→ **What to do**
Repeat the data below in full. Pictures must not be part of the copy.

= Beginning of Section =

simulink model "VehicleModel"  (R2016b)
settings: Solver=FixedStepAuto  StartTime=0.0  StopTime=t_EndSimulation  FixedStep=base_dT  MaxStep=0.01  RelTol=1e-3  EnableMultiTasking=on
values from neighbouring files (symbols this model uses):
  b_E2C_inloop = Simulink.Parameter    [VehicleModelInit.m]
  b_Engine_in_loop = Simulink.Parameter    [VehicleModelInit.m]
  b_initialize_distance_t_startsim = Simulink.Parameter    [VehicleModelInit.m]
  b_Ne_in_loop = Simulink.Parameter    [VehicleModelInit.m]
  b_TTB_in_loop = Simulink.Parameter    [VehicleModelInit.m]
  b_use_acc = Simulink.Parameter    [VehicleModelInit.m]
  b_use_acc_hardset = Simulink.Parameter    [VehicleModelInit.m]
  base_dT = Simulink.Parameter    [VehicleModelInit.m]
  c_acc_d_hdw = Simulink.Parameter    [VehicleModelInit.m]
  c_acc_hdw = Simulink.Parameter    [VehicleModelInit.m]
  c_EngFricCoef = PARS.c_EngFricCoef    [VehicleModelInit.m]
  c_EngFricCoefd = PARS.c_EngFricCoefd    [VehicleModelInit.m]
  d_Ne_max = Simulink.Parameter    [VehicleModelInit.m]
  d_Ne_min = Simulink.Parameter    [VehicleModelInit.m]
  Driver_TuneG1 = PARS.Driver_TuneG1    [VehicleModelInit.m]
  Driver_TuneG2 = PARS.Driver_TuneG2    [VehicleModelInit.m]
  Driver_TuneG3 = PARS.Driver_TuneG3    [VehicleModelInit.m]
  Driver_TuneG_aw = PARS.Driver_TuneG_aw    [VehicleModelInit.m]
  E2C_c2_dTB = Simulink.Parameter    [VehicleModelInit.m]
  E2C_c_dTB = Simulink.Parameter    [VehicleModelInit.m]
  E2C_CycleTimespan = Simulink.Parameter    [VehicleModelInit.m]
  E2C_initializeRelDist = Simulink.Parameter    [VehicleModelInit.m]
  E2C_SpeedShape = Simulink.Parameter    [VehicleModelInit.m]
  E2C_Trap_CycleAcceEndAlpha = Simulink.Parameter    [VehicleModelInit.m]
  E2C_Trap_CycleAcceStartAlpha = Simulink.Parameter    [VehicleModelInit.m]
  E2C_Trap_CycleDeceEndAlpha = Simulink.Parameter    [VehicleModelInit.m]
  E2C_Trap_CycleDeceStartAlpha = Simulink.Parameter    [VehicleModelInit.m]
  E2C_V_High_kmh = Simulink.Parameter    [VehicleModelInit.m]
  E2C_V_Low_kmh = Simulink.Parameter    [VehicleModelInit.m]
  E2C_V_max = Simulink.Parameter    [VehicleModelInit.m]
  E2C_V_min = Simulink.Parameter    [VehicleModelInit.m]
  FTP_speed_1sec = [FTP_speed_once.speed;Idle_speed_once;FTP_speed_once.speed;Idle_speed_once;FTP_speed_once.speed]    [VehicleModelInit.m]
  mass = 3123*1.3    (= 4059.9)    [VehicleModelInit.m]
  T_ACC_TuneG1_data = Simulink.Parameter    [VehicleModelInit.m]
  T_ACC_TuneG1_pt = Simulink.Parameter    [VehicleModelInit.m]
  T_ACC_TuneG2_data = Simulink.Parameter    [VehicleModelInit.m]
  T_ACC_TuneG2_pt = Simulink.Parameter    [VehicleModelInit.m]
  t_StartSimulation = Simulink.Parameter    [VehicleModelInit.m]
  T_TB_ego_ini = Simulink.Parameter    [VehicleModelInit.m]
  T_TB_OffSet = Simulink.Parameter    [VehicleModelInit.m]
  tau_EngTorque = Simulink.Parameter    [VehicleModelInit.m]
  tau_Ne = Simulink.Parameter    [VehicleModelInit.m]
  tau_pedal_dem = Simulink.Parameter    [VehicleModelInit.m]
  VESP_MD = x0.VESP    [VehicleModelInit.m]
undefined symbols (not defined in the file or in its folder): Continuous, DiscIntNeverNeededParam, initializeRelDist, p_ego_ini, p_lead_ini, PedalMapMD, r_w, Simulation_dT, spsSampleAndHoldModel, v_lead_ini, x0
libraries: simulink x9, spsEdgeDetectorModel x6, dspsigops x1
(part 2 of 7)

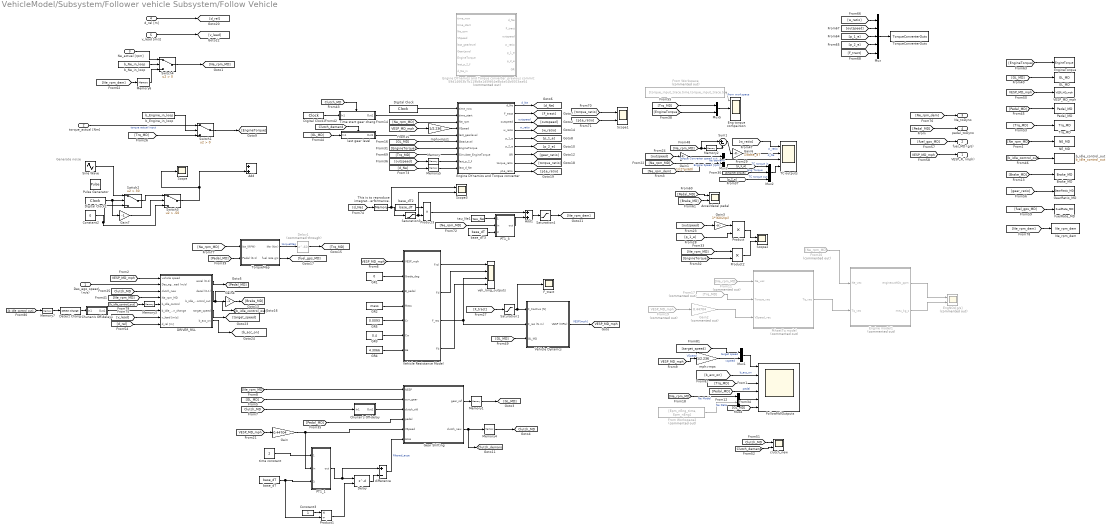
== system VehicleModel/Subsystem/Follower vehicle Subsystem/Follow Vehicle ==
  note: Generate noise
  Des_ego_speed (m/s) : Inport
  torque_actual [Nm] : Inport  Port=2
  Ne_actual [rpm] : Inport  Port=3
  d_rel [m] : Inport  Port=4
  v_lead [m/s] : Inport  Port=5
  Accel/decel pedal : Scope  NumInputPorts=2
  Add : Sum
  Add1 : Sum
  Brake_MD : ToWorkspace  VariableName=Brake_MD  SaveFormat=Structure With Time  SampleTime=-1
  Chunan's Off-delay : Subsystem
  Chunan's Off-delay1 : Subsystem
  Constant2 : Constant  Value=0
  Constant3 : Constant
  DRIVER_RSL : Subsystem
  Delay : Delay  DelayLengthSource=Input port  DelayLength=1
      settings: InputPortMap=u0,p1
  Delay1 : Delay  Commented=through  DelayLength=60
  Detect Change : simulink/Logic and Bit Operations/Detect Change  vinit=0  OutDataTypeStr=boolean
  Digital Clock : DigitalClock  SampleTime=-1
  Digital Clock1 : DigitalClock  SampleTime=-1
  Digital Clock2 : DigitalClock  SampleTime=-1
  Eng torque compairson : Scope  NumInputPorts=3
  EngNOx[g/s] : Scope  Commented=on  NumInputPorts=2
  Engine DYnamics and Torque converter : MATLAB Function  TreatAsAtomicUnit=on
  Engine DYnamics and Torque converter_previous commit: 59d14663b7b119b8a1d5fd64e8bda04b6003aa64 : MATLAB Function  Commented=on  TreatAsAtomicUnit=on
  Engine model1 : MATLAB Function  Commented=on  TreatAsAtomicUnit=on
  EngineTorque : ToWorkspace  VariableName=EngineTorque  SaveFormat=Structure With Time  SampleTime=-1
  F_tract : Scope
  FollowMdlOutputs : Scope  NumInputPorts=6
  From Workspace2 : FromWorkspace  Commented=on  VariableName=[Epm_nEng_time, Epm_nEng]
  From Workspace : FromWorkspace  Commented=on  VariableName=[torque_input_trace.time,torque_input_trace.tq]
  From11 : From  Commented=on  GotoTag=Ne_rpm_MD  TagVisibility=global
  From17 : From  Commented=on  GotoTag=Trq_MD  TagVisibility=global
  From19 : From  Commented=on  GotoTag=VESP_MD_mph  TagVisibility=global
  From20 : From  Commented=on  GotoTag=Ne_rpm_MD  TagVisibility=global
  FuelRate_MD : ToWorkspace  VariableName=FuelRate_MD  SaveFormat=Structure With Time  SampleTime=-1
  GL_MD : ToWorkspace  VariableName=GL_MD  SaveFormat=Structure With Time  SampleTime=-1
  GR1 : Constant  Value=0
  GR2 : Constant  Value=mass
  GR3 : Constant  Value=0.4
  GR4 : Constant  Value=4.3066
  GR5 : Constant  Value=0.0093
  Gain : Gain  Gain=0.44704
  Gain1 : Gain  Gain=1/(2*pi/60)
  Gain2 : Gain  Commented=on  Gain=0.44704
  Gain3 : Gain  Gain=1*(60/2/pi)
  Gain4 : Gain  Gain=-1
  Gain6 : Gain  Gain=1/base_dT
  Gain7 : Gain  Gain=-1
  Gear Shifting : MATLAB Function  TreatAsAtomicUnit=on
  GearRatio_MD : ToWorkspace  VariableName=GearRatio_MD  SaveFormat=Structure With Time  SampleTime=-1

= End of Section =

→ **The answer**
simulink model "VehicleModel"  (R2016b)
settings: Solver=FixedStepAuto  StartTime=0.0  StopTime=t_EndSimulation  FixedStep=base_dT  MaxStep=0.01  RelTol=1e-3  EnableMultiTasking=on
values from neighbouring files (symbols this model uses):
  b_E2C_inloop = Simulink.Parameter    [VehicleModelInit.m]
  b_Engine_in_loop = Simulink.Parameter    [VehicleModelInit.m]
  b_initialize_distance_t_startsim = Simulink.Parameter    [VehicleModelInit.m]
  b_Ne_in_loop = Simulink.Parameter    [VehicleModelInit.m]
  b_TTB_in_loop = Simulink.Parameter    [VehicleModelInit.m]
  b_use_acc = Simulink.Parameter    [VehicleModelInit.m]
  b_use_acc_hardset = Simulink.Parameter    [VehicleModelInit.m]
  base_dT = Simulink.Parameter    [VehicleModelInit.m]
  c_acc_d_hdw = Simulink.Parameter    [VehicleModelInit.m]
  c_acc_hdw = Simulink.Parameter    [VehicleModelInit.m]
  c_EngFricCoef = PARS.c_EngFricCoef    [VehicleModelInit.m]
  c_EngFricCoefd = PARS.c_EngFricCoefd    [VehicleModelInit.m]
  d_Ne_max = Simulink.Parameter    [VehicleModelInit.m]
  d_Ne_min = Simulink.Parameter    [VehicleModelInit.m]
  Driver_TuneG1 = PARS.Driver_TuneG1    [VehicleModelInit.m]
  Driver_TuneG2 = PARS.Driver_TuneG2    [VehicleModelInit.m]
  Driver_TuneG3 = PARS.Driver_TuneG3    [VehicleModelInit.m]
  Driver_TuneG_aw = PARS.Driver_TuneG_aw    [VehicleModelInit.m]
  E2C_c2_dTB = Simulink.Parameter    [VehicleModelInit.m]
  E2C_c_dTB = Simulink.Parameter    [VehicleModelInit.m]
  E2C_CycleTimespan = Simulink.Parameter    [VehicleModelInit.m]
  E2C_initializeRelDist = Simulink.Parameter    [VehicleModelInit.m]
  E2C_SpeedShape = Simulink.Parameter    [VehicleModelInit.m]
  E2C_Trap_CycleAcceEndAlpha = Simulink.Parameter    [VehicleModelInit.m]
  E2C_Trap_CycleAcceStartAlpha = Simulink.Parameter    [VehicleModelInit.m]
  E2C_Trap_CycleDeceEndAlpha = Simulink.Parameter    [VehicleModelInit.m]
  E2C_Trap_CycleDeceStartAlpha = Simulink.Parameter    [VehicleModelInit.m]
  E2C_V_High_kmh = Simulink.Parameter    [VehicleModelInit.m]
  E2C_V_Low_kmh = Simulink.Parameter    [VehicleModelInit.m]
  E2C_V_max = Simulink.Parameter    [VehicleModelInit.m]
  E2C_V_min = Simulink.Parameter    [VehicleModelInit.m]
  FTP_speed_1sec = [FTP_speed_once.speed;Idle_speed_once;FTP_speed_once.speed;Idle_speed_once;FTP_speed_once.speed]    [VehicleModelInit.m]
  mass = 3123*1.3    (= 4059.9)    [VehicleModelInit.m]
  T_ACC_TuneG1_data = Simulink.Parameter    [VehicleModelInit.m]
  T_ACC_TuneG1_pt = Simulink.Parameter    [VehicleModelInit.m]
  T_ACC_TuneG2_data = Simulink.Parameter    [VehicleModelInit.m]
  T_ACC_TuneG2_pt = Simulink.Parameter    [VehicleModelInit.m]
  t_StartSimulation = Simulink.Parameter    [VehicleModelInit.m]
  T_TB_ego_ini = Simulink.Parameter    [VehicleModelInit.m]
  T_TB_OffSet = Simulink.Parameter    [VehicleModelInit.m]
  tau_EngTorque = Simulink.Parameter    [VehicleModelInit.m]
  tau_Ne = Simulink.Parameter    [VehicleModelInit.m]
  tau_pedal_dem = Simulink.Parameter    [VehicleModelInit.m]
  VESP_MD = x0.VESP    [VehicleModelInit.m]
undefined symbols (not defined in the file or in its folder): Continuous, DiscIntNeverNeededParam, initializeRelDist, p_ego_ini, p_lead_ini, PedalMapMD, r_w, Simulation_dT, spsSampleAndHoldModel, v_lead_ini, x0
libraries: simulink x9, spsEdgeDetectorModel x6, dspsigops x1
(part 2 of 7)

== system VehicleModel/Subsystem/Follower vehicle Subsystem/Follow Vehicle ==
  note: Generate noise
  Des_ego_speed (m/s) : Inport
  torque_actual [Nm] : Inport  Port=2
  Ne_actual [rpm] : Inport  Port=3
  d_rel [m] : Inport  Port=4
  v_lead [m/s] : Inport  Port=5
  Accel/decel pedal : Scope  NumInputPorts=2
  Add : Sum
  Add1 : Sum
  Brake_MD : ToWorkspace  VariableName=Brake_MD  SaveFormat=Structure With Time  SampleTime=-1
  Chunan's Off-delay : Subsystem
  Chunan's Off-delay1 : Subsystem
  Constant2 : Constant  Value=0
  Constant3 : Constant
  DRIVER_RSL : Subsystem
  Delay : Delay  DelayLengthSource=Input port  DelayLength=1
      settings: InputPortMap=u0,p1
  Delay1 : Delay  Commented=through  DelayLength=60
  Detect Change : simulink/Logic and Bit Operations/Detect Change  vinit=0  OutDataTypeStr=boolean
  Digital Clock : DigitalClock  SampleTime=-1
  Digital Clock1 : DigitalClock  SampleTime=-1
  Digital Clock2 : DigitalClock  SampleTime=-1
  Eng torque compairson : Scope  NumInputPorts=3
  EngNOx[g/s] : Scope  Commented=on  NumInputPorts=2
  Engine DYnamics and Torque converter : MATLAB Function  TreatAsAtomicUnit=on
  Engine DYnamics and Torque converter_previous commit: 59d14663b7b119b8a1d5fd64e8bda04b6003aa64 : MATLAB Function  Commented=on  TreatAsAtomicUnit=on
  Engine model1 : MATLAB Function  Commented=on  TreatAsAtomicUnit=on
  EngineTorque : ToWorkspace  VariableName=EngineTorque  SaveFormat=Structure With Time  SampleTime=-1
  F_tract : Scope
  FollowMdlOutputs : Scope  NumInputPorts=6
  From Workspace2 : FromWorkspace  Commented=on  VariableName=[Epm_nEng_time, Epm_nEng]
  From Workspace : FromWorkspace  Commented=on  VariableName=[torque_input_trace.time,torque_input_trace.tq]
  From11 : From  Commented=on  GotoTag=Ne_rpm_MD  TagVisibility=global
  From17 : From  Commented=on  GotoTag=Trq_MD  TagVisibility=global
  From19 : From  Commented=on  GotoTag=VESP_MD_mph  TagVisibility=global
  From20 : From  Commented=on  GotoTag=Ne_rpm_MD  TagVisibility=global
  FuelRate_MD : ToWorkspace  VariableName=FuelRate_MD  SaveFormat=Structure With Time  SampleTime=-1
  GL_MD : ToWorkspace  VariableName=GL_MD  SaveFormat=Structure With Time  SampleTime=-1
  GR1 : Constant  Value=0
  GR2 : Constant  Value=mass
  GR3 : Constant  Value=0.4
  GR4 : Constant  Value=4.3066
  GR5 : Constant  Value=0.0093
  Gain : Gain  Gain=0.44704
  Gain1 : Gain  Gain=1/(2*pi/60)
  Gain2 : Gain  Commented=on  Gain=0.44704
  Gain3 : Gain  Gain=1*(60/2/pi)
  Gain4 : Gain  Gain=-1
  Gain6 : Gain  Gain=1/base_dT
  Gain7 : Gain  Gain=-1
  Gear Shifting : MATLAB Function  TreatAsAtomicUnit=on
  GearRatio_MD : ToWorkspace  VariableName=GearRatio_MD  SaveFormat=Structure With Time  SampleTime=-1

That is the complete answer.